A new Android malware called TangleBot has weaseled its way into the vast cyber threat landscape. Researchers warned that it could perform a handful of ill-intended actions, such as stealing personal data and controlling apps and device functions.
The New Android Malware Uses COVID-19-Themed Lures
Cloudmark researchers noted that the freshly discovered mobile malware spreads through SMS messaging in the U.S. and Canada and uses lures like COVID-19 boosters and regulations.
The purpose of the phishing scam is to engage social engineering techniques to trick targets into clicking an embedded link, which then directs them to a website. The website falsely claims that users need an “Adobe Flash Player update.” Once they click on the subsequent dialog boxes, TangleBot malware installs onto the device.
TangleBot – A Closer Look
TabgleBot is similar to other mobile malware in propagation and theme, such as the FluBot SMS malware that targets the U.K. and Europe or the CovidLock Android ransomware, an Android app that claims to help users find nearby COVID-19 patients. However, according to Cloudmark researchers, its wide-ranging access to mobile device functions makes it stand out from the crowd.
“The malware has been given the moniker TangleBot because of its many levels of obfuscation and control over a myriad of entangled device functions, including contacts, SMS and phone capabilities, call logs, internet access, [GPS], and camera and microphone,” they explained in a Thursday post.
In order to dig that deep into Android’s internal business, TangleBot grants itself privileges to access and control all of the above. Unfortunately, this means that hackers would now complete freedom to launch attacks with an astounding variety of goals.
For example, hackers could block calls and silently make calls in the background against the user’s knowledge. This can ensure the perfect circumstances for a fraud where the victim is charged a high rate for making a call to a hacker-controlled telephone number.
The newly discovered Android malware is also capable of sending, intercepting, and processing text messages for SMS phishing attacks, two-factor authentication interception, self-propagation to the victim’s contacts, and so on.

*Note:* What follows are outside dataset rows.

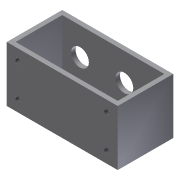
# Autodesk Inventor part: JointC0
Saved by Autodesk Inventor 2011 SP1 (Build 150282100, 282)
## iProperties
Created: 2012-10-16
Part Number: JointC0
Document SubType Name: Modeling
Designer: arihon
Density: 1 g/cm^3
Author: arihon
Autodesk Inventor part; units mm, degrees
ref_plane "YZ Plane" through (0, 0, 0) normal (1, 0, 0) x (0, 1, 0)
ref_plane "XZ Plane" through (0, 0, 0) normal (0, 1, 0) x (-1, 0, 0)
ref_plane "XY Plane" through (0, 0, 0) normal (0, 0, 1) x (1, 0, 0)
sketch "スケッチ1" plane through (0, 0, 0) normal (0, 0, 1) x (1, 0, 0)
  line L0 (-25, 12.5) -> (25, 12.5)
  line L1 (25, 12.5) -> (25, -12.5)
  line L2 (25, -12.5) -> (-25, -12.5)
  line L3 (-25, -12.5) -> (-25, 12.5)
  line L4 (-23, 10.5) -> (23, 10.5)
  line L5 (23, 10.5) -> (23, -10.5)
  line L6 (23, -10.5) -> (-23, -10.5)
  line L7 (-23, -10.5) -> (-23, 10.5)
  point P0 (0, 0)
  dimension "d0" = 50
  dimension "d1" = 25
  dimension "d2" = 12.5
  dimension "d3" = 25
  dimension "d4" = 2
  dimension "d5" = 2
  dimension "d6" = 2
  dimension "d7" = 2
  constraints: 16 end point, 4 parallel, 2 horizontal, 2 perpendicular
  measures "d0" distance of L0.start L0.end
  measures "d1" distance of L2.end L0.start
  measures "d2" distance from line of L0 point (0, 0)
  measures "d3" distance from line of point (0, 0) L3
  measures "d4" distance between parallel lines of L0 L4
  measures "d5" distance between parallel lines of L2 L6
  measures "d6" distance between parallel lines of L1 L5
  measures "d7" distance between parallel lines of L7 L3
extrude "押し出し1" add sketch "スケッチ1" along normal blind 25
sketch "スケッチ4" plane through (-25, -12.5, 0) normal (0, -1, 0) x (1, 0, 0)
  line L0 (50, 25) -> (0, 25) projected
  line L1 (0, 0) -> (0, 25) projected
  line L2 (50, 0) -> (0, 0) projected
  line L3 (50, 0) -> (50, 25) projected
  point P0 (25, 0)
  point P1 (5, 20)
  point P2 (5, 5)
  point P3 (45, 5)
  point P4 (45, 20)
  dimension "d27" = 5
  dimension "d28" = 5
  dimension "d29" = 5
  dimension "d30" = 5
  dimension "d31" = 5
  dimension "d32" = 5
  dimension "d33" = 5
  dimension "d34" = 5
  measures "d27" distance from line of point (5, 20) L0
  measures "d28" distance from line of L1 point (5, 20)
  measures "d29" distance from line of L1 point (5, 5)
  measures "d30" distance from line of L2 point (5, 5)
  measures "d31" distance from line of L0 point (45, 20)
  measures "d32" distance from line of point (45, 20) L3
  measures "d33" distance from line of L2 point (45, 5)
  measures "d34" distance from line of point (45, 5) L3
hole "Hole3" at (-20, -12.5, 20) at (-20, -12.5, 5) at (20, -12.5, 5) at (20, -12.5, 20) direction (0, 1, 0) diameter 2.459 end up to face face through (-7.6667, -10.5, 16.6667) facing (0, 1, 0) thread size "M3x0.5" class "6H" standard "ISO Metric profile"
sketch "スケッチ5" plane through (-25, 12.5, 0) normal (0, 1, 0) x (1, 0, 0)
  line L0 (0, 0) -> (50, 0) projected
  line L1 (0, 0) -> (0, -25) projected
  point P0 (25, 0)
  point P1 (10, -12.5)
  point P2 (30, -12.5)
  dimension "d42" = 10
  dimension "d43" = 20
  dimension "d44" = 12.5
  dimension "d45" = 12.5
  measures "d42" distance from line of L1 point (10, -12.5)
  measures "d43" distance of point (30, -12.5) point (10, -12.5)
  measures "d44" distance from line of point (10, -12.5) L0
  measures "d45" distance from line of point (30, -12.5) L0
hole "Hole4" at (-15, 12.5, 12.5) at (5, 12.5, 12.5) direction (0, -1, 0) diameter 8 end up to face face through (7.6667, 10.5, 8.3333) facing (0, -1, 0)
equation "\"d2\" = 0.5 * d1"
equation "\"d3\" = 0.5 * d0"
equation "\"d5\" = d4"
equation "\"d6\" = d4"
equation "\"d7\" = d4"
equation "\"d28\" = d27"
equation "\"d29\" = d27"
equation "\"d30\" = d27"
equation "\"d31\" = d27"
equation "\"d32\" = d27"
equation "\"d33\" = d27"
equation "\"d34\" = d27"
equation "\"d45\" = d44"
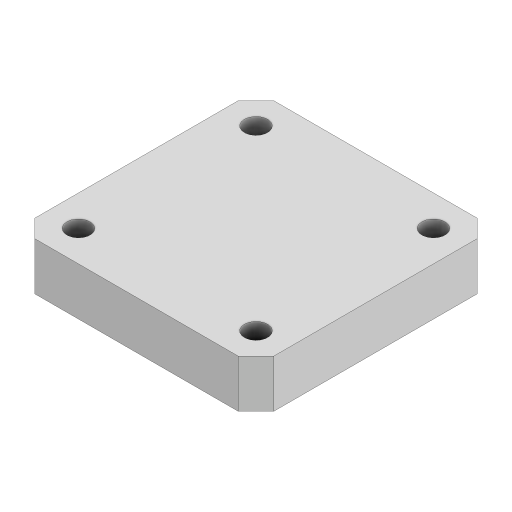
# Autodesk Inventor part: PCB_Spacer
Saved by Autodesk Inventor 2023 (Build 270158000, 158)
## iProperties
Created: 2026-05-12
Part Number: PCB_Spacer
Material: Generic
Document SubType Name: Modeling
Designer: ferrerx
Density: 1 g/cm^3
Appearance: Default
Author: ferrerx
Autodesk Inventor part; units mm, degrees
ref_plane "YZ Plane" through (0, 0, 0) normal (1, 0, 0) x (0, 1, 0)
ref_plane "XZ Plane" through (0, 0, 0) normal (0, 1, 0) x (-1, 0, 0)
ref_plane "XY Plane" through (0, 0, 0) normal (0, 0, 1) x (1, 0, 0)
sketch "Sketch1" plane through (0, 0, 0) normal (0, 1, 0) x (-1, 0, 0)
  line L0 (-17.5, 17.5) -> (17.5, 17.5)
  line L1 (17.5, 17.5) -> (17.5, -17.5)
  line L2 (17.5, -17.5) -> (-17.5, -17.5)
  line L3 (-17.5, -17.5) -> (-17.5, 17.5)
  line L4 (-17.5, 17.5) -> (17.5, -17.5) construction
  line L5 (17.5, 17.5) -> (-17.5, -17.5) construction
  line L6 (-13, -13) -> (13, -13) construction
  line L7 (13, -13) -> (13, 13) construction
  line L8 (13, 13) -> (-13, 13) construction
  line L9 (-13, 13) -> (-13, -13) construction
  line L10 (-13, -13) -> (13, 13) construction
  line L11 (13, -13) -> (-13, 13) construction
  circle A0 centre (13, 13) radius 1.7
  circle A1 centre (13, -13) radius 1.7
  circle A2 centre (-13, -13) radius 1.7
  circle A3 centre (-13, 13) radius 1.7
  point P0 (0, 0)
  dimension "d0" = 35
  dimension "d1" = 35
  dimension "d2" = 3.4
  dimension "d3" = 3.4
  dimension "d4" = 3.4
  dimension "d5" = 3.4
  dimension "d6" = 26
  dimension "d7" = 26
  constraints: 24 end point, 4 centre point, 4 coincident, 4 midpoint, 4 parallel, 2 horizontal, 2 perpendicular
  measures "d0" distance of L1.end L2.end
  measures "d1" distance of L0.end L1.end
  measures "d2" diameter of A1
  measures "d3" diameter of A0
  measures "d4" diameter of A3
  measures "d5" diameter of A2
  measures "d6" distance of L7.end L8.end
  measures "d7" distance of L6.end L7.end
extrude "Extrusion1" add sketch "Sketch1" along normal blind 7
chamfer "Chamfer1" distance 2.6 angle 45 4 edges at (17.5, 3.5, 17.5) (-17.5, 3.5, 17.5) (17.5, 3.5, -17.5) (-17.5, 3.5, -17.5)
shell "Shell2" thickness 2 removed faces 1 at (-3.9092, 0, 3.9576)
equation "\"d1\" = d0"
equation "\"d3\" = d2"
equation "\"d4\" = d2"
equation "\"d5\" = d2"
body "Solid1"
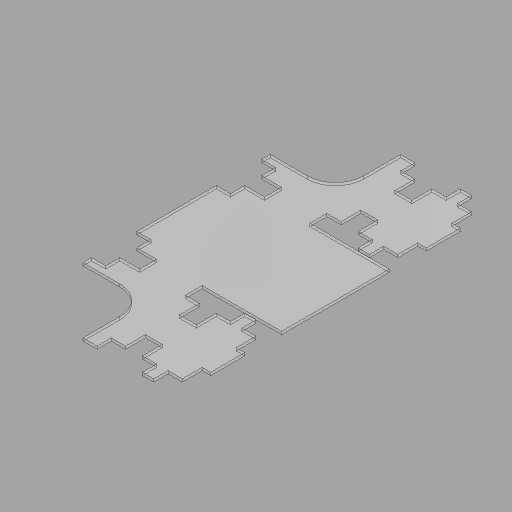
# Autodesk Inventor part: 2024-100-006-Electrical-Plate
Saved by Autodesk Inventor 2024.2 (Build 282272000, 272)
## iProperties
Created: 2024-02-14
Part Number: 2024-100-006-Electrical-Plate
Material: Polycarbonate, Clear
Document SubType Name: Modeling
Designer: rohan
Density: 1.2 g/cm^3
Appearance: Polycarbonate - Clear
Author: rohan
Autodesk Inventor part; units mm, degrees
ref_plane "YZ Plane" through (0, 0, 0) normal (1, 0, 0) x (0, 1, 0)
ref_plane "XZ Plane" through (0, 0, 0) normal (0, 1, 0) x (-1, 0, 0)
ref_plane "XY Plane" through (0, 0, 0) normal (0, 0, 1) x (1, 0, 0)
sketch "Sketch1" plane through (0, 0, 0) normal (0, 1, 0) x (-1, 0, 0)
  line L0 (355.6, 355.6) -> (-355.6, 355.6)
  line L1 (-355.6, 355.6) -> (-355.6, -355.6)
  line L2 (-355.6, -355.6) -> (355.6, -355.6)
  line L3 (355.6, -355.6) -> (355.6, 355.6)
  line L4 (355.6, 355.6) -> (-355.6, -355.6) construction
  line L5 (-355.6, 355.6) -> (355.6, -355.6) construction
  point P0 (0, 0)
  dimension "d0" = 711.2
  dimension "d1" = 711.2
  constraints: 12 end point, 2 midpoint, 2 parallel, 1 horizontal, 1 perpendicular
  measures "d0" distance of L2.end L1.end
  measures "d1" distance of L1.end L0.end
extrude "Extrusion1" add sketch "Sketch1" along normal blind 6.35
sketch "Sketch2" plane through (0, 6.35, 0) normal (0, 1, 0) x (1, 0, 0)
  line L0 (355.6, -355.6) -> (355.6, 355.6) projected
  line L1 (355.6, 355.6) -> (-355.6, 355.6) projected
  line L2 (-355.6, 355.6) -> (-355.6, -355.6) projected
  line L3 (-355.6, -355.6) -> (355.6, -355.6) projected
  line L4 (-355.6, -355.6) -> (-279.4, -355.6)
  line L5 (-279.4, -355.6) -> (-279.4, -323.85)
  line L6 (-279.4, -323.85) -> (-323.85, -323.85)
  line L7 (-323.85, -323.85) -> (-323.85, -279.4)
  line L8 (-323.85, -279.4) -> (-355.6, -279.4)
  line L9 (-355.6, 355.6) -> (-355.6, -355.6) projected
  line L10 (-355.6, -279.4) -> (-355.6, -355.6)
  line L11 (-424.5174, 0) -> (433.8456, 0) construction
  line L12 (0, -429.639) -> (0, 434.6438) construction
  line L13 (-355.6, -355.6) -> (-355.6, 355.6)
  line L14 (-355.6, 355.6) -> (355.6, 355.6)
  line L15 (-279.4, 355.6) -> (-279.4, 323.85)
  line L16 (-279.4, 323.85) -> (-323.85, 323.85)
  line L17 (-323.85, 323.85) -> (-323.85, 279.4)
  line L18 (-323.85, 279.4) -> (-355.6, 279.4)
  line L19 (355.6, 355.6) -> (355.6, -355.6)
  line L20 (355.6, -355.6) -> (279.4, -355.6)
  line L21 (279.4, -355.6) -> (279.4, -323.85)
  line L22 (279.4, -323.85) -> (323.85, -323.85)
  line L23 (323.85, -323.85) -> (323.85, -279.4)
  line L24 (323.85, -279.4) -> (355.6, -279.4)
  line L25 (355.6, 355.6) -> (355.6, -355.6)
  line L26 (355.6, -279.4) -> (355.6, -355.6)
  line L27 (323.85, 279.4) -> (355.6, 279.4)
  line L28 (279.4, 355.6) -> (279.4, 323.85)
  line L29 (279.4, 323.85) -> (323.85, 323.85)
  line L30 (323.85, 323.85) -> (323.85, 279.4)
  line L31 (355.6, -355.6) -> (355.6, 355.6)
  point P0 (0, 0)
  dimension "d4" = 76.2
  dimension "d5" = 31.75
  dimension "d6" = 44.45
  dimension "d7" = 44.45
  constraints: 54 end point, 21 symmetric about line, 6 point on line, 3 perpendicular, 2 vertical, 1 collinear, 1 horizontal
  measures "d4" distance of L2.end L4.end
  measures "d5" distance of L4.end L5.end
  measures "d6" distance of L5.end L6.end
  measures "d7" distance of L6.end L7.end
extrude "Extrusion2" cut sketch "Sketch2" against normal blind 6.35 contours L3 L21 L22 L23 L24 L0 | L27 L30 L29 L28 L1 L0 | L3 L2 L8 L7 L6 L5 | L15 L16 L17 L18 L2 L1
sketch "Sketch3" plane through (0, 6.35, 0) normal (0, 1, 0) x (1, 0, 0)
  line L0 (355.6, 279.4) -> (323.85, 279.4) projected
  line L1 (323.85, 279.4) -> (323.85, 323.85) projected
  line L2 (323.85, 323.85) -> (279.4, 323.85) projected
  line L3 (279.4, 323.85) -> (279.4, 355.6) projected
  line L4 (279.4, 355.6) -> (-279.4, 355.6) projected
  line L5 (-279.4, 355.6) -> (-279.4, 323.85) projected
  line L6 (-279.4, 323.85) -> (-323.85, 323.85) projected
  line L7 (-323.85, 323.85) -> (-323.85, 279.4) projected
  line L8 (-323.85, 279.4) -> (-355.6, 279.4) projected
  line L9 (-355.6, 279.4) -> (-355.6, -279.4) projected
  line L10 (-355.6, -279.4) -> (-323.85, -279.4) projected
  line L11 (-323.85, -279.4) -> (-323.85, -323.85) projected
  line L12 (-323.85, -323.85) -> (-279.4, -323.85) projected
  line L13 (-279.4, -323.85) -> (-279.4, -355.6) projected
  line L14 (-279.4, -355.6) -> (279.4, -355.6) projected
  line L15 (279.4, -355.6) -> (279.4, -323.85) projected
  line L16 (279.4, -323.85) -> (323.85, -323.85) projected
  line L17 (323.85, -323.85) -> (323.85, -279.4) projected
  line L18 (323.85, -279.4) -> (355.6, -279.4) projected
  line L19 (355.6, -279.4) -> (355.6, 279.4) projected
  line L20 (-279.4, -355.6) -> (-355.6, -355.6)
  line L21 (-355.6, -355.6) -> (-355.6, -279.4)
  line L22 (-355.6, -355.6) -> (-355.6, -190.5)
  line L23 (-355.6, 279.4) -> (-355.6, -279.4) projected
  line L24 (-355.6, -190.5) -> (-323.85, -190.5)
  line L25 (-323.85, -190.5) -> (-323.85, -158.75)
  line L26 (-323.85, -158.75) -> (-279.4, -158.75)
  line L27 (-279.4, -158.75) -> (-279.4, -120.65)
  line L28 (-279.4, -120.65) -> (-323.85, -120.65)
  line L29 (-323.85, -120.65) -> (-323.85, -88.9)
  line L30 (-323.85, -88.9) -> (-355.6, -88.9)
  line L31 (-355.6, -88.9) -> (-355.6, -190.5)
  line L32 (-429.9144, 0) -> (459.921, 0) construction
  line L33 (-355.6, -279.4) -> (-355.6, 279.4)
  line L34 (-355.6, 190.5) -> (-323.85, 190.5)
  line L35 (-323.85, 190.5) -> (-323.85, 158.75)
  line L36 (-323.85, 158.75) -> (-279.4, 158.75)
  line L37 (-279.4, 158.75) -> (-279.4, 120.65)
  line L38 (-279.4, 120.65) -> (-323.85, 120.65)
  line L39 (-323.85, 120.65) -> (-323.85, 88.9)
  line L40 (-323.85, 88.9) -> (-355.6, 88.9)
  point P0 (0, 0)
  dimension "d10" = 165.1
  dimension "d11" = 31.75
  dimension "d12" = 31.75
  dimension "d13" = 44.45
  dimension "d14" = 38.1
  dimension "d15" = 31.75
  constraints: 40 end point, 10 symmetric about line, 5 perpendicular, 4 horizontal, 2 point on line, 1 collinear, 1 vertical
  measures "d10" distance of L20.end L22.end
  measures "d11" distance of L22.end L24.end
  measures "d12" distance of L24.end L25.end
  measures "d13" distance of L25.end L26.end
  measures "d14" distance of L26.end L27.end
  measures "d15" distance of L28.end L29.end
extrude "Extrusion3" cut sketch "Sketch3" against normal blind 6.35 contours L9 L30 L29 L28 L27 L26 L25 L24 | L34 L35 L36 L37 L38 L39 L40 L9
sketch "Sketch4" plane through (0, 6.35, 0) normal (0, 1, 0) x (1, 0, 0)
  line L0 (-323.85, 88.9) -> (-355.6, 88.9) projected
  line L1 (-355.6, 88.9) -> (-355.6, -88.9) projected
  line L2 (-355.6, -88.9) -> (-323.85, -88.9) projected
  line L3 (-323.85, -88.9) -> (-323.85, -120.65) projected
  line L4 (-323.85, -120.65) -> (-279.4, -120.65) projected
  line L5 (-279.4, -120.65) -> (-279.4, -158.75) projected
  line L6 (-279.4, -158.75) -> (-323.85, -158.75) projected
  line L7 (-323.85, -158.75) -> (-323.85, -190.5) projected
  line L8 (-323.85, -190.5) -> (-355.6, -190.5) projected
  line L9 (-355.6, -190.5) -> (-355.6, -279.4) projected
  line L10 (-355.6, -279.4) -> (-323.85, -279.4) projected
  line L11 (-323.85, -279.4) -> (-323.85, -323.85) projected
  line L12 (-323.85, -323.85) -> (-279.4, -323.85) projected
  line L13 (-279.4, -323.85) -> (-279.4, -355.6) projected
  line L14 (-279.4, -355.6) -> (279.4, -355.6) projected
  line L15 (279.4, -355.6) -> (279.4, -323.85) projected
  line L16 (279.4, -323.85) -> (323.85, -323.85) projected
  line L17 (323.85, -323.85) -> (323.85, -279.4) projected
  line L18 (323.85, -279.4) -> (355.6, -279.4) projected
  line L19 (355.6, -279.4) -> (355.6, 279.4) projected
  line L20 (355.6, 279.4) -> (323.85, 279.4) projected
  line L21 (323.85, 279.4) -> (323.85, 323.85) projected
  line L22 (323.85, 323.85) -> (279.4, 323.85) projected
  line L23 (279.4, 323.85) -> (279.4, 355.6) projected
  line L24 (279.4, 355.6) -> (-279.4, 355.6) projected
  line L25 (-279.4, 355.6) -> (-279.4, 323.85) projected
  line L26 (-279.4, 323.85) -> (-323.85, 323.85) projected
  line L27 (-323.85, 323.85) -> (-323.85, 279.4) projected
  line L28 (-323.85, 279.4) -> (-355.6, 279.4) projected
  line L29 (-355.6, 279.4) -> (-355.6, 190.5) projected
  line L30 (-355.6, 190.5) -> (-323.85, 190.5) projected
  line L31 (-323.85, 190.5) -> (-323.85, 158.75) projected
  line L32 (-323.85, 158.75) -> (-279.4, 158.75) projected
  line L33 (-279.4, 158.75) -> (-279.4, 120.65) projected
  line L34 (-279.4, 120.65) -> (-323.85, 120.65) projected
  line L35 (-323.85, 120.65) -> (-323.85, 88.9) projected
  line L36 (-279.4, -355.6) -> (-355.6, -355.6)
  line L37 (-355.6, -355.6) -> (-209.55, -355.6)
  line L38 (-209.55, -355.6) -> (-209.55, -273.05)
  line L39 (-273.05, -209.55) -> (-355.6, -209.55)
  line L40 (-355.6, -355.6) -> (-355.6, -209.55)
  arc A0 (-209.55, -273.05) -> (-273.05, -209.55) centre (-273.05, -273.05) ccw
  line L41 (-440.4629, 0) -> (-405.206, 0)
  line L42 (-355.6, 190.5) -> (-355.6, 279.4)
  line L43 (-355.6, 355.6) -> (-209.55, 355.6)
  line L44 (-209.55, 355.6) -> (-209.55, 273.05)
  line L45 (-273.05, 209.55) -> (-355.6, 209.55)
  line L46 (-355.6, 355.6) -> (-355.6, 209.55)
  arc A1 (-273.05, 209.55) -> (-209.55, 273.05) centre (-273.05, 273.05) ccw
  line L47 (0, -524.0203) -> (0, -477.0111)
  line L48 (323.85, 88.9) -> (355.6, 88.9)
  line L49 (355.6, 88.9) -> (355.6, -88.9)
  line L50 (355.6, -88.9) -> (323.85, -88.9)
  line L51 (323.85, -88.9) -> (323.85, -120.65)
  line L52 (323.85, -120.65) -> (279.4, -120.65)
  line L53 (279.4, -120.65) -> (279.4, -158.75)
  line L54 (279.4, -158.75) -> (323.85, -158.75)
  line L55 (323.85, -158.75) -> (323.85, -190.5)
  line L56 (323.85, -190.5) -> (355.6, -190.5)
  line L57 (355.6, -190.5) -> (355.6, -279.4)
  line L58 (355.6, -279.4) -> (323.85, -279.4)
  line L59 (323.85, -279.4) -> (323.85, -323.85)
  line L60 (323.85, -323.85) -> (279.4, -323.85)
  line L61 (279.4, -323.85) -> (279.4, -355.6)
  line L62 (279.4, 355.6) -> (279.4, 323.85)
  line L63 (279.4, 323.85) -> (323.85, 323.85)
  line L64 (323.85, 323.85) -> (323.85, 279.4)
  line L65 (323.85, 279.4) -> (355.6, 279.4)
  line L66 (355.6, 279.4) -> (355.6, 190.5)
  line L67 (355.6, 190.5) -> (323.85, 190.5)
  line L68 (323.85, 190.5) -> (323.85, 158.75)
  line L69 (323.85, 158.75) -> (279.4, 158.75)
  line L70 (279.4, 158.75) -> (279.4, 120.65)
  line L71 (279.4, 120.65) -> (323.85, 120.65)
  line L72 (323.85, 120.65) -> (323.85, 88.9)
  line L73 (279.4, -355.6) -> (355.6, -355.6)
  line L74 (355.6, -355.6) -> (209.55, -355.6)
  line L75 (209.55, -355.6) -> (209.55, -273.05)
  line L76 (273.05, -209.55) -> (355.6, -209.55)
  line L77 (355.6, -355.6) -> (355.6, -209.55)
  arc A2 (273.05, -209.55) -> (209.55, -273.05) centre (273.05, -273.05) ccw
  line L78 (273.05, 209.55) -> (355.6, 209.55)
  arc A3 (209.55, 273.05) -> (273.05, 209.55) centre (273.05, 273.05) ccw
  line L79 (355.6, 190.5) -> (355.6, 279.4)
  line L80 (355.6, 355.6) -> (355.6, 209.55)
  line L81 (355.6, 355.6) -> (209.55, 355.6)
  line L82 (209.55, 355.6) -> (209.55, 273.05)
  point P0 (0, 0)
  point P1 (-209.55, -209.55)
  point P2 (209.55, -209.55)
  point P3 (-209.55, 355.6)
  point P4 (209.55, 355.6)
  point P5 (209.55, -355.6)
  dimension "d18" = 146.05
  dimension "d19" = 146.05
  dimension "d20" = 63.5
  constraints: 94 end point, 35 symmetric about line, 9 point on line, 8 point on circle, 4 centre point, 2 horizontal, 2 perpendicular, 2 tangent, 1 collinear, 1 vertical, 3 other
  measures "d18" distance of L36.end L37.end
  measures "d19" distance of L37.end point (-209.55, -209.55)
  measures "d20" radius of A0
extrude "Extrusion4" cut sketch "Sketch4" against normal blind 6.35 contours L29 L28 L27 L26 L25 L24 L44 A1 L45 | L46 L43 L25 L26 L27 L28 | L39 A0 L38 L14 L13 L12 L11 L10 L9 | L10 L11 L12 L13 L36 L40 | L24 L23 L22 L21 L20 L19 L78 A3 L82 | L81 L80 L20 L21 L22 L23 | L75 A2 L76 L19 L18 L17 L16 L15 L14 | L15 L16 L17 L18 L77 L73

TangleBot also features spyware capabilities, with the ability to use the camera, screen, and microphone for recording or streaming, along with “other device observation capabilities,” according to Cloudmark. Obtaining access to GPS functionality, for instance, can help a stalker track the user’s location.
Researchers also noted that the Android malware could seize control of the installed apps and interact with them, as well as display overlay screens on top of them to collect credentials, much like a banking trojan.
“The ability to detect installed apps, app interactions and inject overlay screens is extremely problematic,” researchers noted. “As we have seen with FluBot, TangleBot can overlay banking or financial apps and directly steal the victim’s account credentials….The capabilities also enable the theft of considerable personal information directly from the device.”
TangleBot can be a severe issue for business, given the fact that employees often use their personal devices for work-related purposes.
To stay away from threats such as TangleBot, Couldmark advises mobile users to practice safe messaging and never click on links in texts, even if they seem to come from a trusted contact. Users should also be cautious when downloading apps or files and read install prompts in detail. And last but not least, they should avoid procuring any software from somewhere other than certified app stores.
“Harvesting of personal information and credentials in this manner is extremely troublesome for mobile users because there is a growing market on the Dark Web for detailed personal and account data,” according to Cloudmark.